The result should be a faithful copy of every entry below, with the pictures left out.

Saved data entries:
==================================================

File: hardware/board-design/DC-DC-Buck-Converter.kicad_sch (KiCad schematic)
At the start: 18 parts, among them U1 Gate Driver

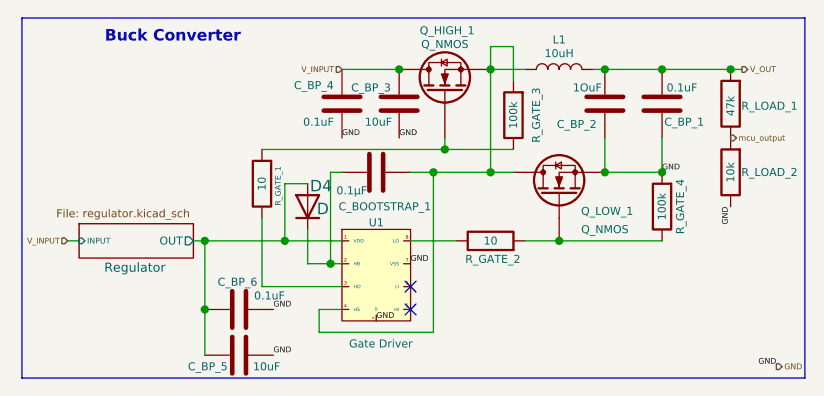
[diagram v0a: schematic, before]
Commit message: feat(schematic): redesign buck converter circuit
Replaced the gate driver and regulator stage with a dedicated Buck Controller IC to resolve missing feedback loops and completed the schematic redesign.
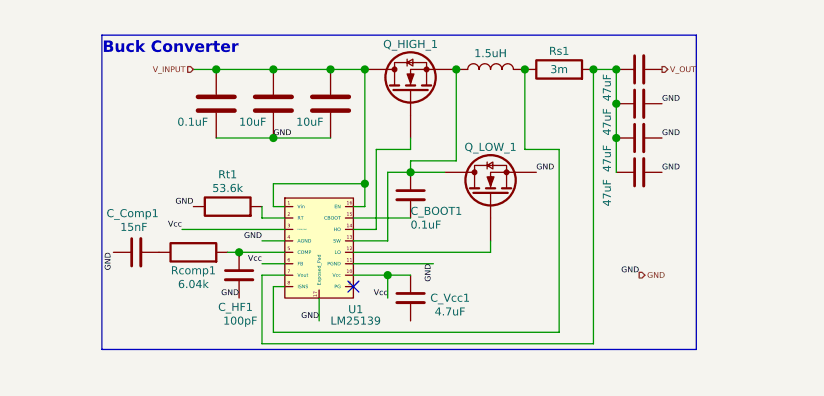
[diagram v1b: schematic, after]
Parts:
- removed C_BOOTSTRAP_1: 0.1µF, Capacitor_SMD:C_0603_1608Metric_Pad1.08x0.95mm_HandSolder, symbol Device:C
- removed C_BP_1, C_BP_6: 0.1uF, Capacitor_SMD:C_0603_1608Metric_Pad1.08x0.95mm_HandSolder, symbol Device:C
- removed C_BP_2: 1OuF, Custom-lib:CAPC6153X390N, symbol Device:C
- removed D4: D, symbol Device:D
- removed R_GATE_1, R_GATE_2: 10, Resistor_SMD:R_0603_1608Metric_Pad0.98x0.95mm_HandSolder, symbol Device:R
- removed R_GATE_3, R_GATE_4: 100k, Resistor_SMD:R_0402_1005Metric_Pad0.72x0.64mm_HandSolder, symbol Device:R
- removed R_LOAD_1: 47k, Resistor_SMD:R_0603_1608Metric_Pad0.98x0.95mm_HandSolder, symbol Device:R
- removed R_LOAD_2: 10k, Resistor_SMD:R_0402_1005Metric_Pad0.72x0.64mm_HandSolder, symbol Device:R
- removed U1: Gate Driver, Custom-lib:SON8 (DRM) (4 mm × 4 mm), symbol Driver_FET:Custom-GateDRVR
- added C_BOOT1: 0.1uF, symbol Device:C_Small
- added C_Comp1: 15nF, symbol Device:C_Small
- added C_HF1: 100pF, symbol Device:C_Small
- added C_Vcc1: 4.7uF, symbol Device:C_Small
- added C_out1, C_out2, C_out3, C_out4: 47uF, symbol Device:C_Small
- added Rcomp1: 6.04k, symbol Device:R
- added Rs1: 3m, symbol Device:R
- added Rt1: 53.6k, symbol Device:R
- added U1: LM25139, Package_DFN_QFN:VQFN-16-1EP_3x3mm_P0.5mm_EP1.68x1.68mm, symbol MySymbols:LM25139
- L1: value 10uH -> 1.5uH
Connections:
- net Regulator/OUT is gone; now on net V_INPUT: C_BP_5.1
- net GND: now also C_Comp1.1, C_HF1.2, C_out1.2, C_out2.2, C_out3.2, Rt1.1, U1.11 (PGND), U1.17 (Exposed_Pad), U1.4 (AGND)
- net V_INPUT: now also U1.1 (Vin), U1.16 (EN)
- net V_OUT: now also C_out4.2; no longer L1.2
- net at L1.1, Q_HIGH_1.S, Q_LOW_1.D: now also C_BOOT1.1, U1.13 (SW)
- net at Q_LOW_1.G: now also U1.12 (LO)
- net at Q_HIGH_1.G: now also U1.14 (HO)
- new net: C_Comp1.2, Rcomp1.1
- new net: C_out1.1, C_out2.1, C_out3.1, C_out4.1, Rs1.2, U1.7 (Vout)
- new net: L1.2, Rs1.1, U1.8 (ISNS)
- new net: C_BOOT1.2, U1.15 (CBOOT)
- new net: Rt1.2, U1.2 (RT)
- new net: C_HF1.1, Rcomp1.2, U1.5 (COMP)
- new net Vcc: C_Vcc1.1, U1.10 (Vcc), U1.3 (FPWM/SYNC), U1.6 (FB)
- no-connect marks 2 -> 1
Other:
- removed sheet Regulator
- moved on the sheet: Q_HIGH_1, Q_LOW_1

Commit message: feat(component-properties): complate properties
Add datasheets, footprints, part numbers and manufacterer names
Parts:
- C_BOOT1: footprint (none) -> Capacitor_SMD:C_0603_1608Metric_Pad1.08x0.95mm_HandSolder; Manufacturer (none) -> Murata Electronics; PART NUMBER (none) -> GRM188R72A104KA35D
- C_BP_3, C_BP_4, C_BP_5: Manufacturer Murata -> Murata Electronics
- C_Comp1: footprint (none) -> Capacitor_SMD:C_0603_1608Metric_Pad1.08x0.95mm_HandSolder; Manufacturer (none) -> Murata Electronics; PART NUMBER (none) -> GCM188R72A153KA37D
- C_HF1: footprint (none) -> Capacitor_SMD:C_0603_1608Metric_Pad1.08x0.95mm_HandSolder; Manufacturer (none) -> Murata Electronics; PART NUMBER (none) -> GRM1885C1H101JA01D
- C_Vcc1: footprint (none) -> Capacitor_SMD:C_0805_2012Metric_Pad1.18x1.45mm_HandSolder; Manufacturer (none) -> Murata Electronics; PART NUMBER (none) -> GRM21BZ71H475KE15L
- C_out1, C_out2, C_out3, C_out4: footprint (none) -> Custom-lib:CAPC6075X690N; Manufacturer (none) -> TDK; PART NUMBER (none) -> CAA573X7S2A476M640LH
- L1: footprint Custom-lib:WE-HCI_2212 -> Custom-lib:WE-LHMI_7030; PART NUMBER 74435581000 -> 74437346015
- Rcomp1: footprint (none) -> Resistor_SMD:R_0603_1608Metric_Pad0.98x0.95mm_HandSolder; Manufacturer (none) -> Vishay; PART NUMBER (none) -> CRCW06036K04FKEA
- Rs1: footprint (none) -> Resistor_SMD:R_0612_1632Metric_Pad1.18x3.40mm_HandSolder; Manufacturer (none) -> Vishay; PART NUMBER (none) -> WSKW06123L000FEA
- Rt1: footprint (none) -> Resistor_SMD:R_0603_1608Metric_Pad0.98x0.95mm_HandSolder; Manufacturer (none) -> Vishay; PART NUMBER (none) -> CRCW060353K6FKEA
- U1: PART NUMBER (none) -> LM25139RGTR; Part Number LM25139RGTR -> (none)
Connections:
- net GND: now also C_Vcc1.2

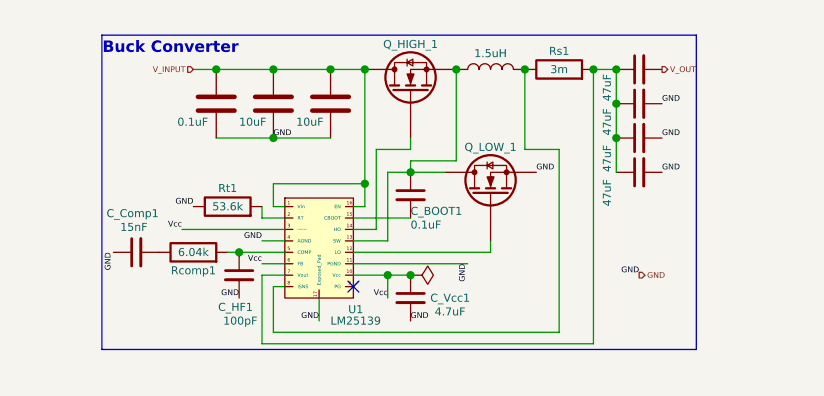
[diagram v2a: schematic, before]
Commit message: feat(schematic): add new symbol and footprint
add for High-MOS and Low-MOS.
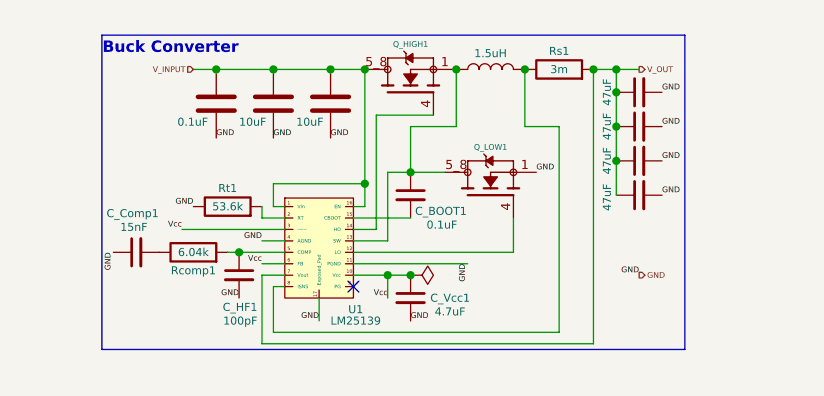
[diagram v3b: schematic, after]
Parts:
- removed Q_HIGH_1, Q_LOW_1: Q_NMOS, Package_SON:VSONP-8-1EP_5x6_P1.27mm, symbol Device:Q_NMOS
- added Q_HIGH1, Q_LOW1: CSD19532Q5B, Custom-lib:TRANS_CSD19532Q5B, symbol MySymbols:CSD19532Q5B
- C_BOOT1, C_BP_3, C_BP_4, C_BP_5, C_Comp1, C_HF1, C_Vcc1: Manufacturer Murata Electronics -> (none)
- C_out1, C_out2, C_out3, C_out4: Manufacturer TDK -> (none)
- L1: Manufacturer Würth Elektronik -> (none)
- Rcomp1, Rs1, Rt1: Manufacturer Vishay -> (none)
- U1: Manufacturer Texas Instruments -> (none); now in the parts list
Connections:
- net GND: now also C_out4.2, Q_LOW1.1, Q_LOW1.2, Q_LOW1.3
- net V_INPUT: now also Q_HIGH1.5_8
- net V_OUT: now also C_out1.1, C_out2.1, C_out3.1, C_out4.1, Rs1.2, U1.7 (Vout); no longer C_out4.2
- net at C_BOOT1.1, L1.1, U1.13 (SW): now also Q_HIGH1.1, Q_HIGH1.2, Q_HIGH1.3, Q_LOW1.5_8
- net at U1.12 (LO): now also Q_LOW1.4
- net at U1.14 (HO): now also Q_HIGH1.4

==================================================

== Answer ==
File: hardware/board-design/DC-DC-Buck-Converter.kicad_sch (KiCad schematic)
At the start: 18 parts, among them U1 Gate Driver

[diagram v0a: schematic, before]
Commit message: feat(schematic): redesign buck converter circuit
Replaced the gate driver and regulator stage with a dedicated Buck Controller IC to resolve missing feedback loops and completed the schematic redesign.
[diagram v1b: schematic, after]
Parts:
- removed C_BOOTSTRAP_1: 0.1µF, Capacitor_SMD:C_0603_1608Metric_Pad1.08x0.95mm_HandSolder, symbol Device:C
- removed C_BP_1, C_BP_6: 0.1uF, Capacitor_SMD:C_0603_1608Metric_Pad1.08x0.95mm_HandSolder, symbol Device:C
- removed C_BP_2: 1OuF, Custom-lib:CAPC6153X390N, symbol Device:C
- removed D4: D, symbol Device:D
- removed R_GATE_1, R_GATE_2: 10, Resistor_SMD:R_0603_1608Metric_Pad0.98x0.95mm_HandSolder, symbol Device:R
- removed R_GATE_3, R_GATE_4: 100k, Resistor_SMD:R_0402_1005Metric_Pad0.72x0.64mm_HandSolder, symbol Device:R
- removed R_LOAD_1: 47k, Resistor_SMD:R_0603_1608Metric_Pad0.98x0.95mm_HandSolder, symbol Device:R
- removed R_LOAD_2: 10k, Resistor_SMD:R_0402_1005Metric_Pad0.72x0.64mm_HandSolder, symbol Device:R
- removed U1: Gate Driver, Custom-lib:SON8 (DRM) (4 mm × 4 mm), symbol Driver_FET:Custom-GateDRVR
- added C_BOOT1: 0.1uF, symbol Device:C_Small
- added C_Comp1: 15nF, symbol Device:C_Small
- added C_HF1: 100pF, symbol Device:C_Small
- added C_Vcc1: 4.7uF, symbol Device:C_Small
- added C_out1, C_out2, C_out3, C_out4: 47uF, symbol Device:C_Small
- added Rcomp1: 6.04k, symbol Device:R
- added Rs1: 3m, symbol Device:R
- added Rt1: 53.6k, symbol Device:R
- added U1: LM25139, Package_DFN_QFN:VQFN-16-1EP_3x3mm_P0.5mm_EP1.68x1.68mm, symbol MySymbols:LM25139
- L1: value 10uH -> 1.5uH
Connections:
- net Regulator/OUT is gone; now on net V_INPUT: C_BP_5.1
- net GND: now also C_Comp1.1, C_HF1.2, C_out1.2, C_out2.2, C_out3.2, Rt1.1, U1.11 (PGND), U1.17 (Exposed_Pad), U1.4 (AGND)
- net V_INPUT: now also U1.1 (Vin), U1.16 (EN)
- net V_OUT: now also C_out4.2; no longer L1.2
- net at L1.1, Q_HIGH_1.S, Q_LOW_1.D: now also C_BOOT1.1, U1.13 (SW)
- net at Q_LOW_1.G: now also U1.12 (LO)
- net at Q_HIGH_1.G: now also U1.14 (HO)
- new net: C_Comp1.2, Rcomp1.1
- new net: C_out1.1, C_out2.1, C_out3.1, C_out4.1, Rs1.2, U1.7 (Vout)
- new net: L1.2, Rs1.1, U1.8 (ISNS)
- new net: C_BOOT1.2, U1.15 (CBOOT)
- new net: Rt1.2, U1.2 (RT)
- new net: C_HF1.1, Rcomp1.2, U1.5 (COMP)
- new net Vcc: C_Vcc1.1, U1.10 (Vcc), U1.3 (FPWM/SYNC), U1.6 (FB)
- no-connect marks 2 -> 1
Other:
- removed sheet Regulator
- moved on the sheet: Q_HIGH_1, Q_LOW_1

Commit message: feat(component-properties): complate properties
Add datasheets, footprints, part numbers and manufacterer names
Parts:
- C_BOOT1: footprint (none) -> Capacitor_SMD:C_0603_1608Metric_Pad1.08x0.95mm_HandSolder; Manufacturer (none) -> Murata Electronics; PART NUMBER (none) -> GRM188R72A104KA35D
- C_BP_3, C_BP_4, C_BP_5: Manufacturer Murata -> Murata Electronics
- C_Comp1: footprint (none) -> Capacitor_SMD:C_0603_1608Metric_Pad1.08x0.95mm_HandSolder; Manufacturer (none) -> Murata Electronics; PART NUMBER (none) -> GCM188R72A153KA37D
- C_HF1: footprint (none) -> Capacitor_SMD:C_0603_1608Metric_Pad1.08x0.95mm_HandSolder; Manufacturer (none) -> Murata Electronics; PART NUMBER (none) -> GRM1885C1H101JA01D
- C_Vcc1: footprint (none) -> Capacitor_SMD:C_0805_2012Metric_Pad1.18x1.45mm_HandSolder; Manufacturer (none) -> Murata Electronics; PART NUMBER (none) -> GRM21BZ71H475KE15L
- C_out1, C_out2, C_out3, C_out4: footprint (none) -> Custom-lib:CAPC6075X690N; Manufacturer (none) -> TDK; PART NUMBER (none) -> CAA573X7S2A476M640LH
- L1: footprint Custom-lib:WE-HCI_2212 -> Custom-lib:WE-LHMI_7030; PART NUMBER 74435581000 -> 74437346015
- Rcomp1: footprint (none) -> Resistor_SMD:R_0603_1608Metric_Pad0.98x0.95mm_HandSolder; Manufacturer (none) -> Vishay; PART NUMBER (none) -> CRCW06036K04FKEA
- Rs1: footprint (none) -> Resistor_SMD:R_0612_1632Metric_Pad1.18x3.40mm_HandSolder; Manufacturer (none) -> Vishay; PART NUMBER (none) -> WSKW06123L000FEA
- Rt1: footprint (none) -> Resistor_SMD:R_0603_1608Metric_Pad0.98x0.95mm_HandSolder; Manufacturer (none) -> Vishay; PART NUMBER (none) -> CRCW060353K6FKEA
- U1: PART NUMBER (none) -> LM25139RGTR; Part Number LM25139RGTR -> (none)
Connections:
- net GND: now also C_Vcc1.2

[diagram v2a: schematic, before]
Commit message: feat(schematic): add new symbol and footprint
add for High-MOS and Low-MOS.
[diagram v3b: schematic, after]
Parts:
- removed Q_HIGH_1, Q_LOW_1: Q_NMOS, Package_SON:VSONP-8-1EP_5x6_P1.27mm, symbol Device:Q_NMOS
- added Q_HIGH1, Q_LOW1: CSD19532Q5B, Custom-lib:TRANS_CSD19532Q5B, symbol MySymbols:CSD19532Q5B
- C_BOOT1, C_BP_3, C_BP_4, C_BP_5, C_Comp1, C_HF1, C_Vcc1: Manufacturer Murata Electronics -> (none)
- C_out1, C_out2, C_out3, C_out4: Manufacturer TDK -> (none)
- L1: Manufacturer Würth Elektronik -> (none)
- Rcomp1, Rs1, Rt1: Manufacturer Vishay -> (none)
- U1: Manufacturer Texas Instruments -> (none); now in the parts list
Connections:
- net GND: now also C_out4.2, Q_LOW1.1, Q_LOW1.2, Q_LOW1.3
- net V_INPUT: now also Q_HIGH1.5_8
- net V_OUT: now also C_out1.1, C_out2.1, C_out3.1, C_out4.1, Rs1.2, U1.7 (Vout); no longer C_out4.2
- net at C_BOOT1.1, L1.1, U1.13 (SW): now also Q_HIGH1.1, Q_HIGH1.2, Q_HIGH1.3, Q_LOW1.5_8
- net at U1.12 (LO): now also Q_LOW1.4
- net at U1.14 (HO): now also Q_HIGH1.4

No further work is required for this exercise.